Weighing all these factors on a GAAP basis for the first quarter of 2012, net income was $1.8 million and net income per common share was $0.06 compared to net income of $7.4 million and net income per common share of $0.25 for the first quarter of 2011.
 
It is important to note that net income and earnings per common share were impacted by the financing and transaction costs related to the acquisition of SureWest. In the quarter on a pre-tax basis, we recognized $4.8 million in fees primarily related to the February bank credit amendment and then $3.1 million in non-cash interest expense related to the amortization and the fees to secure our committed Bridge financing.
 
When excluding the acquisition related costs from earnings, our net income and net income per share would have been $7 million and $0.24 per share respectively. Adjusted EBITDA was $46.3 million in the quarter compared to $48.4 million for the same period of last year.
 
Capital expenditures for the quarter were $11.2 million. From a liquidity standpoint, we ended the quarter with $98.5 million in cash and our $50 million revolver remained undrawn.
 
For the quarter, our total net leverage ratio as calculated in our earnings release was 4.19 times to 1. Our leverage and coverage ratios were well within compliance level at the credit facility. Cash available to pay dividends was $20.3 million resulting in a solid dividend payout ratio of 56.9%.
 
Now let me update you on our guidance for 2012. Capital expenditures and cash interest expense are unchanged with CapEx expected to be in the range of $42 million to $44 million and cash interest expense expected to be in the range of $44 million to $46 million. These are exclusive expenses related to the SureWest transaction.
 
 
 

 
Cash income taxes are now expected to be in the range of $6 million to $9 million compared to previous guidance of $15 million to $18 million. This change reflects our current view of the estimated impact for the transaction related expenses on SureWest.
 
With respect to our dividend, our Board of Directors has declared the next quarterly dividend of approximately $0.39 per common share payable on August 1, 2012 to shareholders of record on July 13, 2012.
 
With that, I’ll now turn the call back over to Bob for closing remarks.
 
Robert J. Currey, President, Chief Executive Officer & Director

 
So in summary, we had another solid quarter and are excited about our future. We’re investing in the business for growth and providing exceptional service to our customers. We’re delivering positive financial results for our shareholders and we’re positioning the company for the future with this very important acquisition.
 
This combination with SureWest provides the company with the more diversified and growing revenue base and improved balance sheet and a more competitive product and service portfolio. It also results in a company with a larger market cap and more liquidity; all of which increase shareholder value.
 
So with that summary, Shan, I’d like to open it up for questions.
 
 
 

 
QUESTION AND ANSWER SECTION
 
Operator:  Thank you. [Operator Instructions] Our first question comes from Dave Coleman of RBC. Please go ahead with your question.
 
<Q – David Coleman – RBC Capital Markets Equity Research>: Thank you. Just a couple of questions. Just looking at the reported or the income statement, the revenues by product line; was there a reclassification of local revenues to data and Internet? And then I guess then secondly, if you could talk about the IPTV or the video competition in your markets, and then finally the percentage of customers that are on double play or triple play products. Thanks.
 
<A – Steven Childers – Consolidated Communications Holdings, Inc.>: Hi, Dave; this is Steve Childers. I’ll take the first part of your question with the reclassification from data to local, and you asked – you reclassified some [ph] LMS (12:58) credits of new programs that we have, we moved – we carried that data and revenue last year. We’re now reporting that [indiscernible] (13:07)
 
<A – Robert Currey – Consolidated Communications Holdings, Inc.>: Yeah, Dave, as far as competition, we’ve got the cable players one in each of our markets.

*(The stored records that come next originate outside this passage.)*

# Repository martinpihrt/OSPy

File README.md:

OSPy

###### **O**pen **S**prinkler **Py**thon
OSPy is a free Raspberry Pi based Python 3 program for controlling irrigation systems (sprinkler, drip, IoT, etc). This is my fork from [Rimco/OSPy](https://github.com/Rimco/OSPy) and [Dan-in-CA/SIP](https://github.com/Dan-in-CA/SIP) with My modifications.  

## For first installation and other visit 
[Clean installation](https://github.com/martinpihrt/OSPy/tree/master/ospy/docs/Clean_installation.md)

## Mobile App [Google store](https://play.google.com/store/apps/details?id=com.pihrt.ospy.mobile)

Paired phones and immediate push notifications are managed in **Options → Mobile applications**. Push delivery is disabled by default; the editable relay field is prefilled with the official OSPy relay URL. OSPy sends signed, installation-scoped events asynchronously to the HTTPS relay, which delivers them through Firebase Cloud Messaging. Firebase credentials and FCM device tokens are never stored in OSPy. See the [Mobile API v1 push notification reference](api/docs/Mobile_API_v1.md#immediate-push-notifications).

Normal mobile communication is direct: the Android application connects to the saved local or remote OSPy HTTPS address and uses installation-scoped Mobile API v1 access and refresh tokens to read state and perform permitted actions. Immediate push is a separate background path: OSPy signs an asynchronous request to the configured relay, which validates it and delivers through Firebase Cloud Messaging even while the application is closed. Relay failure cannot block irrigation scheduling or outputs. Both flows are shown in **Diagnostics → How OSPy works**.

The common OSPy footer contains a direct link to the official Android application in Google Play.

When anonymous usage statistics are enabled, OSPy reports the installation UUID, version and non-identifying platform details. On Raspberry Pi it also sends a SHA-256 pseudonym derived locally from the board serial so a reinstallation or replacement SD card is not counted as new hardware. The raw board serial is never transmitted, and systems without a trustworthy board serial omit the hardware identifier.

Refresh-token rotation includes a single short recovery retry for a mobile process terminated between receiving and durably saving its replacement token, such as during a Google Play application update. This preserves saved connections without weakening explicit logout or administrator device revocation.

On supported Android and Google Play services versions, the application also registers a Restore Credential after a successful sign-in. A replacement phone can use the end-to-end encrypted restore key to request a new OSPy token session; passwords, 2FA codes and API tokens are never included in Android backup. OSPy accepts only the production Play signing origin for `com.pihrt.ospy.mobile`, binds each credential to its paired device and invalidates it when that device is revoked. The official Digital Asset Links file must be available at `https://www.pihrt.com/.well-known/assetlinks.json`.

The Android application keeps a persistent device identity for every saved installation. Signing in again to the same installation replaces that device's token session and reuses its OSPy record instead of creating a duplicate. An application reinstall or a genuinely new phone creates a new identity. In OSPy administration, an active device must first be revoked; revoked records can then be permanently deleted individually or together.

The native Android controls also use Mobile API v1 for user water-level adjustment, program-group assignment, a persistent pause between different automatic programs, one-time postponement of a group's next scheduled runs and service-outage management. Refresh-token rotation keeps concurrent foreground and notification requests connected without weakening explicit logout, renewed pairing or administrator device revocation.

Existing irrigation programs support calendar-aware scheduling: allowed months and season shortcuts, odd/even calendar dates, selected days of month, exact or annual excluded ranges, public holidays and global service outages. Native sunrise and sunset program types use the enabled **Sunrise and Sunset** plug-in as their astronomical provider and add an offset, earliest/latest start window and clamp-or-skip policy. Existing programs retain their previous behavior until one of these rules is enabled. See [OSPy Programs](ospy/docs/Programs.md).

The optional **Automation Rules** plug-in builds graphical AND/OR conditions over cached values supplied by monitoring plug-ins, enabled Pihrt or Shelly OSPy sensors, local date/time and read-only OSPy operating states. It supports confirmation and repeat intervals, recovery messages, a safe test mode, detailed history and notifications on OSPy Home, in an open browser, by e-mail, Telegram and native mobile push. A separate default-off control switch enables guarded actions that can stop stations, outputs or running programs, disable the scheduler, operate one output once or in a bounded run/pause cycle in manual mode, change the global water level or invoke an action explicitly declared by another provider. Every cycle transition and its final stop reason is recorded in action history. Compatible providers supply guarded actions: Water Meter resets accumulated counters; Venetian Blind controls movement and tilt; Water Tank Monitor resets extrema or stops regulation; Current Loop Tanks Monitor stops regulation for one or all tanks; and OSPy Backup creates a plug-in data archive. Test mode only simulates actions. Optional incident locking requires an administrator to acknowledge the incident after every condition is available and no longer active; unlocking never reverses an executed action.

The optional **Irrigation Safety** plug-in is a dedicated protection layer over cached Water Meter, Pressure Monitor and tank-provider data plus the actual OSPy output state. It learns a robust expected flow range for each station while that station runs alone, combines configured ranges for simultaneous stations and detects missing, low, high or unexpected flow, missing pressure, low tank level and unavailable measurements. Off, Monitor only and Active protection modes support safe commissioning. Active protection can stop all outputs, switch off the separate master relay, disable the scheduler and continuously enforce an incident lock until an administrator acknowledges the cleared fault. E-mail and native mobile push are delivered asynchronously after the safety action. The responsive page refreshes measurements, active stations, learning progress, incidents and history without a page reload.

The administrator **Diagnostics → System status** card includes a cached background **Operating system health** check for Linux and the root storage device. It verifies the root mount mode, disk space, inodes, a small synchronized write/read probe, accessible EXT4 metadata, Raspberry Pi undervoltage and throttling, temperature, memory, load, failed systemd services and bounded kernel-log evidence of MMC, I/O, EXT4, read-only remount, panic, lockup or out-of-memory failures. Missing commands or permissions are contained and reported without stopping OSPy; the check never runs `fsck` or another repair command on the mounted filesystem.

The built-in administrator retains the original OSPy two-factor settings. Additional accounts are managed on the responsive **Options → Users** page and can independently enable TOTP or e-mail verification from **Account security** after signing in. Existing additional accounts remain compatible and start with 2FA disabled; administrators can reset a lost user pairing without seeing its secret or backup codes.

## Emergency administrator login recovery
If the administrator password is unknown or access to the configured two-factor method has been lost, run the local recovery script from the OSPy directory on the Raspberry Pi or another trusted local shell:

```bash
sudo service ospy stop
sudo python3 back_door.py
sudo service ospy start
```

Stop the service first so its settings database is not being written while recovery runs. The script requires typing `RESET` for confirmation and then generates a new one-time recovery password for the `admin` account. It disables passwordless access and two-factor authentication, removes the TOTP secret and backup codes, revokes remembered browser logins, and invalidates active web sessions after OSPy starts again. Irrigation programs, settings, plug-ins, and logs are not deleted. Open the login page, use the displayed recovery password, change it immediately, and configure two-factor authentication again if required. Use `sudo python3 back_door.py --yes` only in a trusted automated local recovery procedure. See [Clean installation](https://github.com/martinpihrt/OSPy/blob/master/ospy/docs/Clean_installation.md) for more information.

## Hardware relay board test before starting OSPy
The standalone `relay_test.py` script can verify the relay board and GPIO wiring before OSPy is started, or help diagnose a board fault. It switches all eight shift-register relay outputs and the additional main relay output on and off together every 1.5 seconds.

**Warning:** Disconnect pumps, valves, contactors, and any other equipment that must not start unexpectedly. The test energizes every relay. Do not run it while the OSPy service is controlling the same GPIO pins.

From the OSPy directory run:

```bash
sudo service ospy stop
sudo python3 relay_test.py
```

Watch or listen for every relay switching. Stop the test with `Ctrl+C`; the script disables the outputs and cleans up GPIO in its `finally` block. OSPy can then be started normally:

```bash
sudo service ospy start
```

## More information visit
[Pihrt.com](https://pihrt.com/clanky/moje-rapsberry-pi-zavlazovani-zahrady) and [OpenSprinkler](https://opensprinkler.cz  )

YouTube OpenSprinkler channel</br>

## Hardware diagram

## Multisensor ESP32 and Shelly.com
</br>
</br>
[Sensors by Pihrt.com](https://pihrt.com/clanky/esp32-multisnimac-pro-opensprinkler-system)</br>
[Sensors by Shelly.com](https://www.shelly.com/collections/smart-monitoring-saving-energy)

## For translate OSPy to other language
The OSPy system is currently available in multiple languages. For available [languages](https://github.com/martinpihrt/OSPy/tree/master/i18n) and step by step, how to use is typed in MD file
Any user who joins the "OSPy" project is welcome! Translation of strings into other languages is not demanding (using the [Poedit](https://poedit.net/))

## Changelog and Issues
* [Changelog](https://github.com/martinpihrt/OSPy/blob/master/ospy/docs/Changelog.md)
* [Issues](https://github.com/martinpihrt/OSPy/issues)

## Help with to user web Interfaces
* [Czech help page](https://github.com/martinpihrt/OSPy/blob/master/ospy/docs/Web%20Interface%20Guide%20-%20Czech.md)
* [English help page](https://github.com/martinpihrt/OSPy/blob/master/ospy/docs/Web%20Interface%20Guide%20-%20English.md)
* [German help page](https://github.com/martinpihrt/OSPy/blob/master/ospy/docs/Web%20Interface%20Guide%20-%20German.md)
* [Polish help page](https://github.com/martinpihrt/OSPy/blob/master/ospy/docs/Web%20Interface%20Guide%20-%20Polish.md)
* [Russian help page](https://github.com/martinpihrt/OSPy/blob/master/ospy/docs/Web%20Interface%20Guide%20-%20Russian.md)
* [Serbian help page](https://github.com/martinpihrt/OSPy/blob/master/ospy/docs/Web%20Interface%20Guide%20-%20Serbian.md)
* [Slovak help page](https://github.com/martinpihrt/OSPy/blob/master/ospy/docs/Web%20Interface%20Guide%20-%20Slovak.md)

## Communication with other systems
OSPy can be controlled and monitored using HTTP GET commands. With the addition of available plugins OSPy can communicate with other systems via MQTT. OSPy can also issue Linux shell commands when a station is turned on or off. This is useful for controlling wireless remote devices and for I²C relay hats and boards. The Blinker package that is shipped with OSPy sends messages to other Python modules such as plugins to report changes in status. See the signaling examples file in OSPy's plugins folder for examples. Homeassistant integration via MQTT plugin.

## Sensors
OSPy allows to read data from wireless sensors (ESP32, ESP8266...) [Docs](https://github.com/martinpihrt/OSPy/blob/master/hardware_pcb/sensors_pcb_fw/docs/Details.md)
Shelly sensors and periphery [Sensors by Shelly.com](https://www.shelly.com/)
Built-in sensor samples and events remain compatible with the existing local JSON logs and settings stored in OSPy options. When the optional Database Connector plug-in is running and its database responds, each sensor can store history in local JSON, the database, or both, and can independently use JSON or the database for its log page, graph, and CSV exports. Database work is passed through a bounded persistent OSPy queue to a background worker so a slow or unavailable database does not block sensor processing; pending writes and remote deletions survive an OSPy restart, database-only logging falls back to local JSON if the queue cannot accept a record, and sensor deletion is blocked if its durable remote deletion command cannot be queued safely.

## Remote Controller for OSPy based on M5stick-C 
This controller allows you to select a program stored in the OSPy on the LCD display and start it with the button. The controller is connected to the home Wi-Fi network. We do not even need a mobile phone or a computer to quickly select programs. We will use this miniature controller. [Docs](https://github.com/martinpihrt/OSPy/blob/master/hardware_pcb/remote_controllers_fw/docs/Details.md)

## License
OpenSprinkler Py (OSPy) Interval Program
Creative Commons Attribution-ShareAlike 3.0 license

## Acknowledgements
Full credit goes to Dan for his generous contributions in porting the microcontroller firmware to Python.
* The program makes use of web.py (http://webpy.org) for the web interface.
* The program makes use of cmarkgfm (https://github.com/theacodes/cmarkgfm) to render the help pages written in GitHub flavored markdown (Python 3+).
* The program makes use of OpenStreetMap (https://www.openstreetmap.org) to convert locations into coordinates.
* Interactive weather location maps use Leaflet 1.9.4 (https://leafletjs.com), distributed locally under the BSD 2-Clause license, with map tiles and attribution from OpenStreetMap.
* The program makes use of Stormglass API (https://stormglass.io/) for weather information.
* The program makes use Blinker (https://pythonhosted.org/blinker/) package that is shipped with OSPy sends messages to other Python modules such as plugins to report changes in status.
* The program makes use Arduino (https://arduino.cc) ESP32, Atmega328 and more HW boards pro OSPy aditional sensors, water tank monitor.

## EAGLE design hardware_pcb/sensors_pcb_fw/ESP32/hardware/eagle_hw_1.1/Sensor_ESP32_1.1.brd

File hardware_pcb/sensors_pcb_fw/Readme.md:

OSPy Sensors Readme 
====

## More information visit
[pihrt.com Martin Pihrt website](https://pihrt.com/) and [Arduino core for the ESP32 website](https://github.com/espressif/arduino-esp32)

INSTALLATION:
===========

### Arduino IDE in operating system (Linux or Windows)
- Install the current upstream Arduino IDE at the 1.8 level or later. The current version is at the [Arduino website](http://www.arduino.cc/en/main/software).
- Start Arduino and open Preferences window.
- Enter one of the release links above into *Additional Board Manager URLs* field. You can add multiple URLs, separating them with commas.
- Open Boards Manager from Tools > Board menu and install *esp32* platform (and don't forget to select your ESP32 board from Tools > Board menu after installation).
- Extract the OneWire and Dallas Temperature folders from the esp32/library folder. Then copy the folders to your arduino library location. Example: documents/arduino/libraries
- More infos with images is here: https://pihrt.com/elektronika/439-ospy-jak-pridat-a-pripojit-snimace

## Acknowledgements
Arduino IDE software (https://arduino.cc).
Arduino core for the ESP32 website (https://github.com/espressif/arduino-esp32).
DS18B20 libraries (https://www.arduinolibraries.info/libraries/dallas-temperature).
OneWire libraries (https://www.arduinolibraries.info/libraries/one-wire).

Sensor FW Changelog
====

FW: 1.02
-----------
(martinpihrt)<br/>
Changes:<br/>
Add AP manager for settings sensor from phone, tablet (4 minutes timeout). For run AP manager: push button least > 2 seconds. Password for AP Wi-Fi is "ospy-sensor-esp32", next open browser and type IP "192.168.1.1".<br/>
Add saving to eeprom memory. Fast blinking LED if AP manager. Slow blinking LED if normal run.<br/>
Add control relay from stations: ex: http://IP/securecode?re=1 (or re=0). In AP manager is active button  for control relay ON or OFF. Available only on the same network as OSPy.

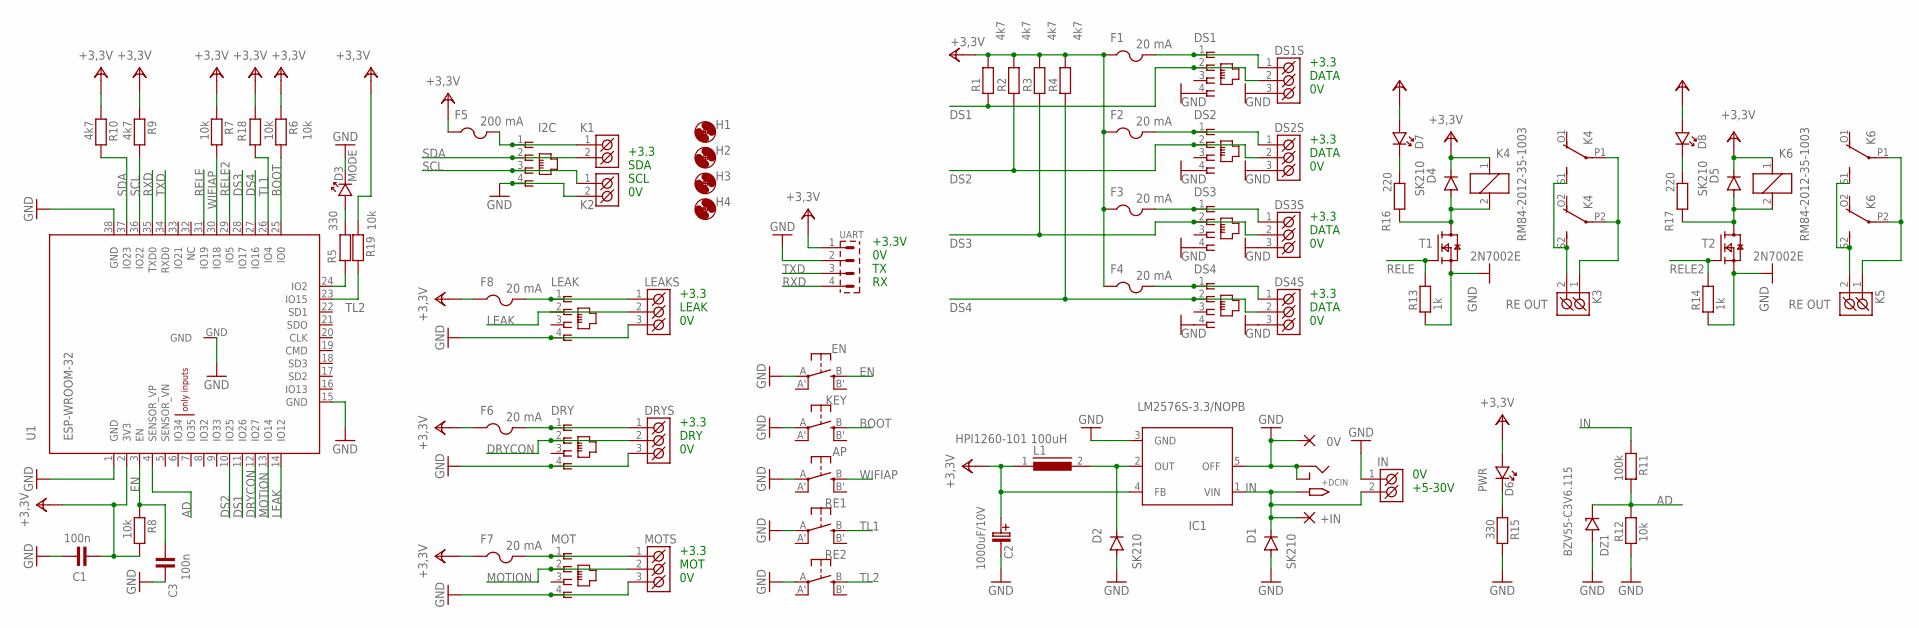
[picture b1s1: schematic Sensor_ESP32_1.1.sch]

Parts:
0V: SMD2; SMD1,27-2,54
+DCIN: 2.1MMJACKTHM; PJ-102A
+IN: SMD2; SMD1,27-2,54
AP: SPST_TACT-EVQQ2; EVQ-Q2
C1, C3: 100n; 1206
C2: 1000uF/10V; C-EL_5
D1, D2, D4, D5: SK210; SMB
D3: MODE; P1206
D6: PWR; P1206
D7, D8: LED_1206; P1206
DRY: WEBP_6_1
DRYS: ARK550/3
DS1, DS2, DS3, DS4: WEBP_6_1
DS1S, DS2S, DS3S, DS4S: ARK550/3
DZ1: BZV55-C3V6.115; SOD-80
EN: SPST_TACT-EVQQ2; EVQ-Q2
F1, F2, F3, F4, F6, F7, F8: 20 mA; R1206
F5: 200 mA; R1206
H1, H2, H3, H4: MOUNT-HOLE3.0; 3,0
I2C: WEBP_6_1
IC1: LM2576S-3.3/NOPB; TO263-5
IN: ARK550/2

We can give you the detail on those and we’ve done that in the past, and some satellite in some of the more rural areas. The competition continues to be the same as it has been over the last couple of years, some introductory offers, lots of direct mail, billboard advertising and the introductory offers and then trying to upsell, and everybody is pretty much following the same playbook.
 
As far as the percent of people in double and triple play, 49% of our customers take our DSL product. We have 49% penetration of DSL. As far as the percent of customers taking the triple play, I don’t have that number right off the top of my head. I’ll get back to you on that.
 
<Q – David Coleman – RBC Capital Markets Equity Research>: Okay, that’s fine. So, are you offering DSL standalone or is a [indiscernible] (14:40) voice?
 
<A – Steven Childers – Consolidated Communications Holdings, Inc.>: No, we decoupled that a number of years ago, and we sell what we call a naked DSL. We charge $5 extra for it when it’s not coupled with an access line.
 
 
 

 
<Q – David Coleman – RBC Capital Markets Equity Research>: Okay. So then the double play will be some amount lower than the 49% presumably?
 
<A – Steven Childers – Consolidated Communications Holdings, Inc.>: That’s correct.
 
<Q – David Coleman – RBC Capital Markets Equity Research>: Okay. And then just – it sounds like on the video side, the level of competition is about the same as the past, six, 12 months [ph] will have any change there (15:12)?
 
<A – Steven Childers – Consolidated Communications Holdings, Inc.>: Actually the last two or three years, Dave, it’s been pretty much the same.
 
<Q – David Coleman – RBC Capital Markets Equity Research>: Okay, great. Thank you.
 
Operator:  Our next question comes from Barry Sine with Drexel Hamilton. Please go ahead with your question.
 
<Q – Barry Sine – Drexel Hamilton LLC>: Good morning, gentleman. I wanted to first follow-up on the comments you’ve made about the Greenfield market expansion done in Texas with the additional homes. How does that square up, if I look at the line item that you report for IPTV home this past. I haven’t seen that go up in recent quarters. How does that square and then what is the outlook for that with the new Greenfield activity cause that number to go up going forward?
 
<A – Robert Currey – Consolidated Communications Holdings, Inc.>: Yes, it will. We don’t have – we didn’t have a large number of planned new passings in our forecast or build [ph] whereas (16:08) some of these Greenfields in many of these Dave were there before, but what we’re starting to see now is while they were shutdown when the economy was slow, the home building stopped. So we had some fiber in trenches and now that homes are starting to in these greenfields that were stopped, we’ve got fiber there and were just finishing it into the home.
 
And quite frankly, as we’ve said it in the past, at 17% penetration and with 30% in some of our early markets, we have a lot of upside potential there and so rather than out building into new
 
 

 
areas with the exception of Greenfield and mostly in Texas where the housing market has [ph] turned the led (16:59) the nation probably for the last decade. So we’re seeing there those will be the only new homes basically that will pass.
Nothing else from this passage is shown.